Recovery rerun does not work in specific cases

I would like to enable recovery rerun (via spec._recovery) which seems to me to be only possible with the --task-level flag. It works for any number of tasks and any task failed when the Firework is a root node. When the firework has parents (see example below), the recovery works only when the first task has been completed and fails if the first task fails. I have found that the error below is because the Rocket.run does not write a checkpoint to the launch in that specific case.

Question 1: Is this a necessary constraint or a bug?
Question 2: Is is possible to enable recovery upon rerun for one-task fireworks? Or for many-task fireworks with failed first task? Because the directory of the first task already contains useable data that can shorten the next run of that task.

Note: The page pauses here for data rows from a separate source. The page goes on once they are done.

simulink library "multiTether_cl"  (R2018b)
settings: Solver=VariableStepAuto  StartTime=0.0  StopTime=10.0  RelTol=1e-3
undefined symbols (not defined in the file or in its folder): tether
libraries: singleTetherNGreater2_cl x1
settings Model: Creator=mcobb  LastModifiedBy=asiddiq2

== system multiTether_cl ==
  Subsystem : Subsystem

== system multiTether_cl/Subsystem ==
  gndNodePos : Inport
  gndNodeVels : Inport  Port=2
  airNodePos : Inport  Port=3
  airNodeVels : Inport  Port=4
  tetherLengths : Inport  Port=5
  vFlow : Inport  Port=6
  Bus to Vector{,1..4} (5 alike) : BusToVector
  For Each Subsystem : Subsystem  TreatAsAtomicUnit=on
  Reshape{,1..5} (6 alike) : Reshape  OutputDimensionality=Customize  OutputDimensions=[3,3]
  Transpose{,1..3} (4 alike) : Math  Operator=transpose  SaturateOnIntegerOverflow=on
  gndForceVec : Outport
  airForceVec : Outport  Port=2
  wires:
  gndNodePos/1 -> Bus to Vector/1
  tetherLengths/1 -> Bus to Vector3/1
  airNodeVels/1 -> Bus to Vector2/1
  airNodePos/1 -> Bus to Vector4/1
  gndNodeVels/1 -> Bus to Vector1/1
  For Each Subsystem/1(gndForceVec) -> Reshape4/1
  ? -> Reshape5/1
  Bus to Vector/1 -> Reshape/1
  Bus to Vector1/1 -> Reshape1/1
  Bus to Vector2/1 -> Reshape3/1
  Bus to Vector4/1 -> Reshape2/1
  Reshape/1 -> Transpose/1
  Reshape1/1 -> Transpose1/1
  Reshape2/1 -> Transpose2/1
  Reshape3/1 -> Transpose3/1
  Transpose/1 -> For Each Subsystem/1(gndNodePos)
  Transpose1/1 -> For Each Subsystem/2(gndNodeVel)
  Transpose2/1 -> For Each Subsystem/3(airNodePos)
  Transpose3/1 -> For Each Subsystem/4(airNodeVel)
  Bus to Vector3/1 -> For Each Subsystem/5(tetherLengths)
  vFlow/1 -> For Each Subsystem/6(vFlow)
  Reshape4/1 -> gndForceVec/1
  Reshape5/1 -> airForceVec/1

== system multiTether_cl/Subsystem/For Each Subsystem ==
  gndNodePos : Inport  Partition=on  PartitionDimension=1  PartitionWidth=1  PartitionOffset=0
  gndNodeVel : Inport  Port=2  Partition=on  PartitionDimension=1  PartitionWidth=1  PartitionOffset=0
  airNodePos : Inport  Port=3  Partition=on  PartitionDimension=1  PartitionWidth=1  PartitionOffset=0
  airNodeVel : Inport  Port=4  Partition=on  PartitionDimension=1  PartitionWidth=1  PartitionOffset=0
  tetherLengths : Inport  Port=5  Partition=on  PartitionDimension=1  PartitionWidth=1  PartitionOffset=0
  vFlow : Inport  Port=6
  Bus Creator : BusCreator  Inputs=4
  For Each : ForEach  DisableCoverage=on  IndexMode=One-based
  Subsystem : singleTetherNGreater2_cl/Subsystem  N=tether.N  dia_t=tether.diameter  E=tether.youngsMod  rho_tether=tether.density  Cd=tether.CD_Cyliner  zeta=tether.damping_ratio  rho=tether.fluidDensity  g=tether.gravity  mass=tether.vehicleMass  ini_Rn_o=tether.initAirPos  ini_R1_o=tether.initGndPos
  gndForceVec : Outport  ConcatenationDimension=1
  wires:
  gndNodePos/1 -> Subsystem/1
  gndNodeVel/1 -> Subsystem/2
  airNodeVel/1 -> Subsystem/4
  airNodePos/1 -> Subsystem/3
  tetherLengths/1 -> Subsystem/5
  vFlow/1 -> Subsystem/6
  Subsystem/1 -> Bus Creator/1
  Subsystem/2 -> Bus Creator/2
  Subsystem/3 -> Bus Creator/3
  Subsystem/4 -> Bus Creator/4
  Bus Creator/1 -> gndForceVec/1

In [1]: from fireworks.fw_config import LAUNCHPAD_LOC
   ...: from fireworks import LaunchPad
   ...: from fireworks import Firework, Workflow
   ...: from fireworks.user_objects.firetasks.script_task import ScriptTask, PyTask
   ...: fw_1 = Firework([ScriptTask(script='echo Hello 1')])
   ...: fw_2 = Firework([PyTask(func='time.sleep', args=[20]), ScriptTask(script='echo Hello 2')])
   ...: wf = Workflow([fw_1, fw_2], links_dict={fw_1: fw_2})
   ...: lpad = LaunchPad.from_file(LAUNCHPAD_LOC)
   ...: lpad.add_wf(wf)
Out[1]: {-2: 1, -1: 2}
$ rlaunch rapidfire
Hello 1
^CInterrupted by signal 2
Traceback (most recent call last):
  File "/mnt/data/ubuntu/work/python-3.10.12/lib/python3.10/site-packages/fireworks/core/rocket.py", line 261, in run
    m_action = t.run_task(my_spec)
  File "/mnt/data/ubuntu/work/python-3.10.12/lib/python3.10/site-packages/fireworks/user_objects/firetasks/script_task.py", line 187, in run_task
    output = func(*args, **kwargs)
  File "/mnt/data/ubuntu/work/python-3.10.12/lib/python3.10/site-packages/fireworks/scripts/rlaunch_run.py", line 45, in handle_interrupt
    sys.exit(1)
SystemExit: 1
$ lpad rerun_fws --task-level --copy-data -i 1
Traceback (most recent call last):
  File "/mnt/data/ubuntu/work/python-3.10.12/bin/lpad", line 7, in <module>
    sys.exit(lpad())
  File "/mnt/data/ubuntu/work/python-3.10.12/lib/python3.10/site-packages/fireworks/scripts/lpad_run.py", line 1578, in lpad
    args.func(args)
  File "/mnt/data/ubuntu/work/python-3.10.12/lib/python3.10/site-packages/fireworks/scripts/lpad_run.py", line 640, in rerun_fws
    lp.rerun_fw(int(fw_id), recover_launch=l_id, recover_mode=args.recover_mode)
  File "/mnt/data/ubuntu/work/python-3.10.12/lib/python3.10/site-packages/fireworks/core/launchpad.py", line 1725, in rerun_fw
    recovery = self.get_recovery(fw_id, recover_launch)
  File "/mnt/data/ubuntu/work/python-3.10.12/lib/python3.10/site-packages/fireworks/core/launchpad.py", line 1769, in get_recovery
    recovery.update(_prev_dir=launch.launch_dir, _launch_id=launch.launch_id)
AttributeError: 'NoneType' object has no attribute 'update'

Thanks for reporting this. I have not played around with this much but it seems to be a bug rather than an intended feature. If you know how to implement the fix I am happy to merge the PR and release, just let me know if that’s possible.

@Anubhav_Jain Thank you very much for your prompt reply. I fixed the issue in PR [BUG] Recovery rerun by ikondov · Pull Request #567 · materialsproject/fireworks · GitHub. Also please kindly consider another bugfix from December: [BUG] Fix redirecting traceback from stderr to a file by ikondov · Pull Request #563 · materialsproject/fireworks · GitHub. Both are ready for review!

Here just a summary: The LaunchPad.ping_launch() method is called concurrently in the main thread and in the “hartbeat” thread started at this line. The call from the main thread passes a checkpoint while the call from the heartbeat thread does not. This creates a race condition, where the winners are the first read and the last write to the database, see this line. The bug occurs or doesn’t depending on which of the two call stacks takes longer. Setting the heartbeat to wait first (default 3600 s) solves the issue.

Best regards,
Ivan

Thank you! I have released v2.0.9 which includes your PRs and a few others.

Btw I have re-enabled my Github notifications (which were off for a long while) so hopefully will see some of your PRs more quickly in the future. Thanks as always for your contributions.